If hook abuse found: run `/alerts`. See REFERENCE.md: Cross-Skill Integration.

```
PR #NNN Retro Complete
Findings: N | Action items: M (K implemented, J deferred)
Artifacts: retros.jsonl, learnings log, suppressions
Verification: M stored | K passed | J flagged
Next: /pr-retro for more missing retros
```

**Done when:** Closure summary displayed.

---

## COMPACTION RESILIENCE

> See REFERENCE.md for state file schema.

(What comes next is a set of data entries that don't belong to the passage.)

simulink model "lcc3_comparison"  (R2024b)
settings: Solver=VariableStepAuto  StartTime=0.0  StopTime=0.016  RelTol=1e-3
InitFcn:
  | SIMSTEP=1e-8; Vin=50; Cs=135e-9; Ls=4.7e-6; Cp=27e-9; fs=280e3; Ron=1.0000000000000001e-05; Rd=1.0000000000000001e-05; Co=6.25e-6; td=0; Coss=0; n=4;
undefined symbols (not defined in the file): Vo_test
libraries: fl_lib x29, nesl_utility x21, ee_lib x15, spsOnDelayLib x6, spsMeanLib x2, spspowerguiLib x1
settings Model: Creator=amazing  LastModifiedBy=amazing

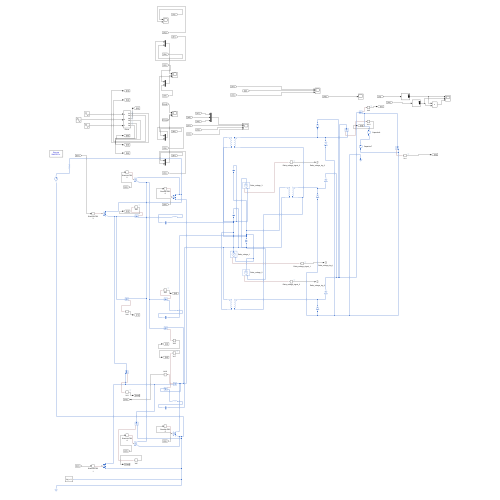
[thumbnail: Simulink's stored preview of the top-level diagram]
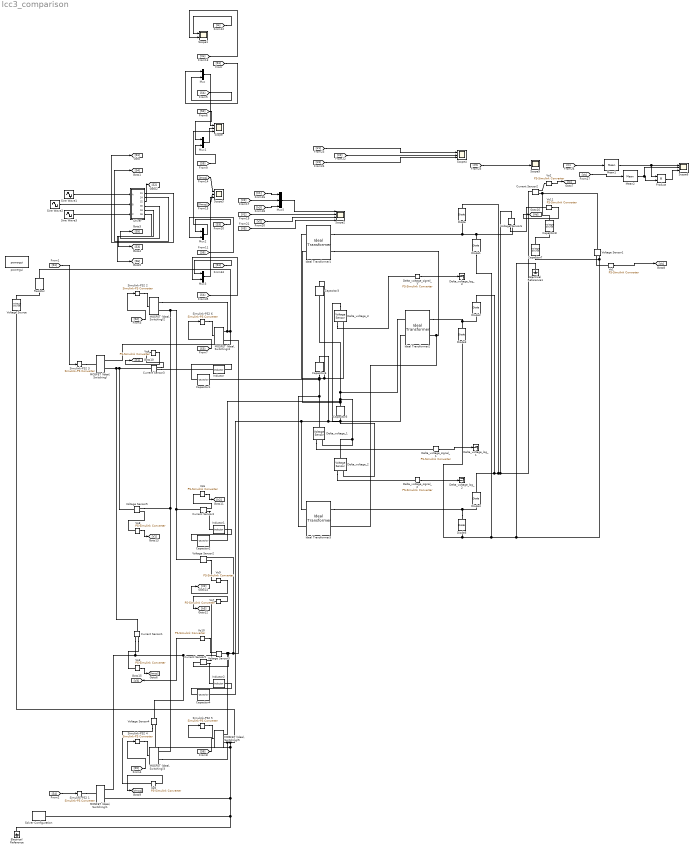
== system lcc3_comparison ==
  Capacitor1 : fl_lib/Electrical/Electrical Elements/Capacitor  c=Cs F  r=1.0000000000000001e-05 Ohm  g=0 1/Ohm  i_specify=off  i_priority=None  i=0 A  i_nominal_specify=off  i_nominal_value=1  i_nominal_unit=A  v_specify=off  v_priority=None  v=0 V  v_nominal_specify=off  v_nominal_value=1  v_nominal_unit=V  vc_specify=on  vc_priority=High  vc=0 V  vc_nominal_specify=off  vc_nominal_value=1  vc_nominal_unit=V
  Capacitor2 : fl_lib/Electrical/Electrical Elements/Capacitor  c=Cs F  r=1.0000000000000001e-05 Ohm  g=0 1/Ohm  i_specify=off  i_priority=None  i=0 A  i_nominal_specify=off  i_nominal_value=1  i_nominal_unit=A  v_specify=off  v_priority=None  v=0 V  v_nominal_specify=off  v_nominal_value=1  v_nominal_unit=V  vc_specify=on  vc_priority=High  vc=0 V  vc_nominal_specify=off  vc_nominal_value=1  vc_nominal_unit=V
  Capacitor3 : fl_lib/Electrical/Electrical Elements/Capacitor  c=Cp F  r=1.0000000000000001e-05 Ohm  g=0 1/Ohm  i_specify=off  i_priority=None  i=0 A  i_nominal_specify=off  i_nominal_value=1  i_nominal_unit=A  v_specify=off  v_priority=None  v=0 V  v_nominal_specify=off  v_nominal_value=1  v_nominal_unit=V  vc_specify=on  vc_priority=High  vc=0 V  vc_nominal_specify=off  vc_nominal_value=1  vc_nominal_unit=V
  Capacitor4 : fl_lib/Electrical/Electrical Elements/Capacitor  c=Cs F  r=1.0000000000000001e-05 Ohm  g=0 1/Ohm  i_specify=off  i_priority=None  i=0 A  i_nominal_specify=off  i_nominal_value=1  i_nominal_unit=A  v_specify=off  v_priority=None  v=0 V  v_nominal_specify=off  v_nominal_value=1  v_nominal_unit=V  vc_specify=on  vc_priority=High  vc=0 V  vc_nominal_specify=off  vc_nominal_value=1  vc_nominal_unit=V
  Capacitor5 : fl_lib/Electrical/Electrical Elements/Capacitor  c=Cp F  r=1.0000000000000001e-05 Ohm  g=0 1/Ohm  i_specify=off  i_priority=None  i=0 A  i_nominal_specify=off  i_nominal_value=1  i_nominal_unit=A  v_specify=off  v_priority=None  v=0 V  v_nominal_specify=off  v_nominal_value=1  v_nominal_unit=V  vc_specify=on  vc_priority=High  vc=0 V  vc_nominal_specify=off  vc_nominal_value=1  vc_nominal_unit=V
  Capacitor6 : fl_lib/Electrical/Electrical Elements/Capacitor  c=Cp F  r=1.0000000000000001e-05 Ohm  g=0 1/Ohm  i_specify=off  i_priority=None  i=0 A  i_nominal_specify=off  i_nominal_value=1  i_nominal_unit=A  v_specify=off  v_priority=None  v=0 V  v_nominal_specify=off  v_nominal_value=1  v_nominal_unit=V  vc_specify=on  vc_priority=High  vc=0 V  vc_nominal_specify=off  vc_nominal_value=1  vc_nominal_unit=V
  Capacitor7 : ee_lib/Sources/Voltage Source  dc_voltage=Vo_test/2 V  ac_voltage=0 V  ac_shift=0 rad  ac_frequency=60 Hz  noise_mode=ee.enum.sources.noise.Disabled  PSD=0 V^2/Hz  sample_time=1e-3 s  repeatability=ee.enum.sources.repeatability.NotRepeatable  user_seed=0  auto_seed=3890346746  i_specify=off  i_priority=None  i=0 A  i_nominal_specify=off  i_nominal_value=1  i_nominal_unit=A  v_specify=off  v_priority=None  v=0 V  v_nominal_specify=off  v_nominal_value=1  v_nominal_unit=V
  Capacitor8 : ee_lib/Sources/Voltage Source  dc_voltage=Vo_test/2 V  ac_voltage=0 V  ac_shift=0 rad  ac_frequency=60 Hz  noise_mode=ee.enum.sources.noise.Disabled  PSD=0 V^2/Hz  sample_time=1e-3 s  repeatability=ee.enum.sources.repeatability.NotRepeatable  user_seed=0  auto_seed=3499211588  i_specify=off  i_priority=None  i=0 A  i_nominal_specify=off  i_nominal_value=1  i_nominal_unit=A  v_specify=off  v_priority=None  v=0 V  v_nominal_specify=off  v_nominal_value=1  v_nominal_unit=V
  Current Sensor{1..5} (5 alike) : fl_lib/Electrical/Electrical Sensors/Current Sensor
  Delta_voltage_1 : fl_lib/Electrical/Electrical Sensors/Voltage Sensor
  Delta_voltage_2 : fl_lib/Electrical/Electrical Sensors/Voltage Sensor
  Delta_voltage_3 : fl_lib/Electrical/Electrical Sensors/Voltage Sensor
  Delta_voltage_log_1 : Terminator
  Delta_voltage_log_2 : Terminator
  Delta_voltage_log_3 : Terminator
  Delta_voltage_signal_1 : nesl_utility/PS-Simulink Converter  PhysicalDomain=network_engine_domain  SubClassName=ps_output  LeftPortType=input  RightPortType=output  PseudoPeriodic=off  Frequencies=[]  VectorFormat=inherit  Unit=inherit  AffineConversion=off
  Delta_voltage_signal_2 : nesl_utility/PS-Simulink Converter  PhysicalDomain=network_engine_domain  SubClassName=ps_output  LeftPortType=input  RightPortType=output  PseudoPeriodic=off  Frequencies=[]  VectorFormat=inherit  Unit=inherit  AffineConversion=off
  Delta_voltage_signal_3 : nesl_utility/PS-Simulink Converter  PhysicalDomain=network_engine_domain  SubClassName=ps_output  LeftPortType=input  RightPortType=output  PseudoPeriodic=off  Frequencies=[]  VectorFormat=inherit  Unit=inherit  AffineConversion=off
  Diode{,1..5} (6 alike) : ee_lib/Semiconductors & Converters/Diode  ModelType=ee.enum.diode.modelType.pwl  TableType=ee.enum.diode.tableType.IfMat  IfMat=[.07, .12, .19, 1.75, 4.24, 7.32, 11.2; .16, .3, .72, 2.14, 5.02, 8.35, 13.12] A  VfMat=[.9, 1.15, 1.25, 1.5, 1.75, 2.17, 2.6, 2.85; .58, .68, .75, 1.1, 1.38, 1.77, 2.27, 2.7] V  TjVec=[25, 125] degC  VfVec=[.5, .7, .9, 1.3, 1.7, 2.1, 2.5] V  IfVec=[.1, .2, .5, 1, 2, 4, 7, 10] A  IrMat=[1e-06, 2e-06, 5e-06, 1e-05, 2.5e-05, 5e-05, .0001; 2e-06, 5e-06, 1e-05, 4e-05, 8e-05, .0002, .0005] A  VrMat=[10, 100, 200, 250, 300, 325, 350; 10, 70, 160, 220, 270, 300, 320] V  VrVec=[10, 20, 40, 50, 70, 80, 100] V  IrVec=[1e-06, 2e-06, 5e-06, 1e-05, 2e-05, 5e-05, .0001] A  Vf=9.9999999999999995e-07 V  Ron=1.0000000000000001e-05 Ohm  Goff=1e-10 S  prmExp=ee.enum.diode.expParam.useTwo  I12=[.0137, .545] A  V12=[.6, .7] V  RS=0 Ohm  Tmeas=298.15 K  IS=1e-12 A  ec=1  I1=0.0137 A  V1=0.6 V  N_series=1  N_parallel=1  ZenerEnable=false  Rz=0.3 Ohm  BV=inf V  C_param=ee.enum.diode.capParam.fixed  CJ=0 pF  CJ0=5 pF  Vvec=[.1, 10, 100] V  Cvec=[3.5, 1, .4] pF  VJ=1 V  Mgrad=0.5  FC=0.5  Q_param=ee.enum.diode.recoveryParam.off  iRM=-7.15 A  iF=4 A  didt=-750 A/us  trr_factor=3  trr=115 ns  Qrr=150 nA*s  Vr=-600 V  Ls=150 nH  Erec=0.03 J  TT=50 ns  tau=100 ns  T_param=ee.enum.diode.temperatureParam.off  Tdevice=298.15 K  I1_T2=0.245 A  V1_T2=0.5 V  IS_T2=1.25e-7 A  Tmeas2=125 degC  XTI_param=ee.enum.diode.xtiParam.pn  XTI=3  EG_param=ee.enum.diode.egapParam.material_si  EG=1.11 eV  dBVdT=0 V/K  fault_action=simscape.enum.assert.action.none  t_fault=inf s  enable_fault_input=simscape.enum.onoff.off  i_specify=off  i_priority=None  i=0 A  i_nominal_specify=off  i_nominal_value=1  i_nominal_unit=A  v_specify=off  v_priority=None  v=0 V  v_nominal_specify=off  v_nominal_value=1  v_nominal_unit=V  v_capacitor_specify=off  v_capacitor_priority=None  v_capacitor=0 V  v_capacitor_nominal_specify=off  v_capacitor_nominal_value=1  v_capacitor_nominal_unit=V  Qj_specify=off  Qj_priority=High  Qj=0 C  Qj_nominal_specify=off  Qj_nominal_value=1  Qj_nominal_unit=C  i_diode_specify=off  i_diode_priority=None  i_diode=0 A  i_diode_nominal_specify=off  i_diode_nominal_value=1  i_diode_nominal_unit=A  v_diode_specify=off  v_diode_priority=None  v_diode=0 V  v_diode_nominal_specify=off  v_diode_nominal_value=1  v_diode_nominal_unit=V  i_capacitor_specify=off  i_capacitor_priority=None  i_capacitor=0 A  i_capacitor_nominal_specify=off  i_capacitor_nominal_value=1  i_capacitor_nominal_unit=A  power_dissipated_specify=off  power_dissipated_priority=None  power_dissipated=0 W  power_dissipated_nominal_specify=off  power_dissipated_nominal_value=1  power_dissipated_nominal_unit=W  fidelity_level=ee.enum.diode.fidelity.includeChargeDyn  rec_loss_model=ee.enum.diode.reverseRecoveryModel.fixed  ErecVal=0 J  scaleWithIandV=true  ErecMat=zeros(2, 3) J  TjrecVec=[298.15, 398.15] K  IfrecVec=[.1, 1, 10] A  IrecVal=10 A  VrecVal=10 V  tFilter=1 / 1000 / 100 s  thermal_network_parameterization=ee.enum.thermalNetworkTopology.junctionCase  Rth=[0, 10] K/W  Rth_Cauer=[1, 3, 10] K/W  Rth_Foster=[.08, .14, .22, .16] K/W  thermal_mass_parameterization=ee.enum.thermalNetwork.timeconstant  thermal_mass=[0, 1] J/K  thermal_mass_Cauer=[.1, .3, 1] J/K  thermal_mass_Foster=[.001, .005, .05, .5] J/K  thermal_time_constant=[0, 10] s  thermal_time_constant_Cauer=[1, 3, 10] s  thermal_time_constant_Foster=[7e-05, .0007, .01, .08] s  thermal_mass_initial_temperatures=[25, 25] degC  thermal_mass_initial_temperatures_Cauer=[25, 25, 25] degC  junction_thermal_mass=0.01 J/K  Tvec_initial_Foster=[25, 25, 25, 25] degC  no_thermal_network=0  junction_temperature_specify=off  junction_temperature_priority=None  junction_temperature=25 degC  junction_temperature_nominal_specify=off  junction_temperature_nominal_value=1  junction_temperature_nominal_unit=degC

- **State file:** `.claude/state/task-pr-retro.state.json`
- **Update:** After PR selection, each finding decision, action item approval
- **Resume:** `--resume` reads state, skips completed findings
- **Pause:** "pause" at any prompt -- saves state, prints progress, exits

## GUARD RAILS

- **No data:** Zero rounds after Step 2 -- "Skip? [Y/n]"
- **Conflicts:** Markdown vs JSONL disagree -- flag both, user picks
- **Large retros:** >15 findings -- Low batched (Step 4)
- **Save-and-resume:** "pause" at any prompt saves and exits

---

## Version History

| Version | Date       | Description                                                                                        |
| ------- | ---------- | -------------------------------------------------------------------------------------------------- |
| 4.8     | 2026-03-18 | Step 6: Require functional verify commands, not grep-based string checks. Good/bad examples added. |
| 4.7     | 2026-03-18 | Audit v2: 33 decisions. Renumber, reorder save-after-impl, extract to REF.                         |
| 4.6     | 2026-03-18 | Deliverable verification via convergence-loop.                                                     |
| 4.5     | 2026-03-18 | Hook health enrichment.                                                                            |
| 4.4     | 2026-03-13 | Review-metrics enrichment.                                                                         |
| 4.3     | 2026-03-13 | Pattern recurrence auto-escalation.                                                                |
| 4.2     | 2026-03-11 | Implementation hard gate.                                                                          |
| 4.0     | 2026-03-06 | Major rewrite: interactive walkthrough, batch, verification.                                       |

> Older history in [ARCHIVE.md](ARCHIVE.md).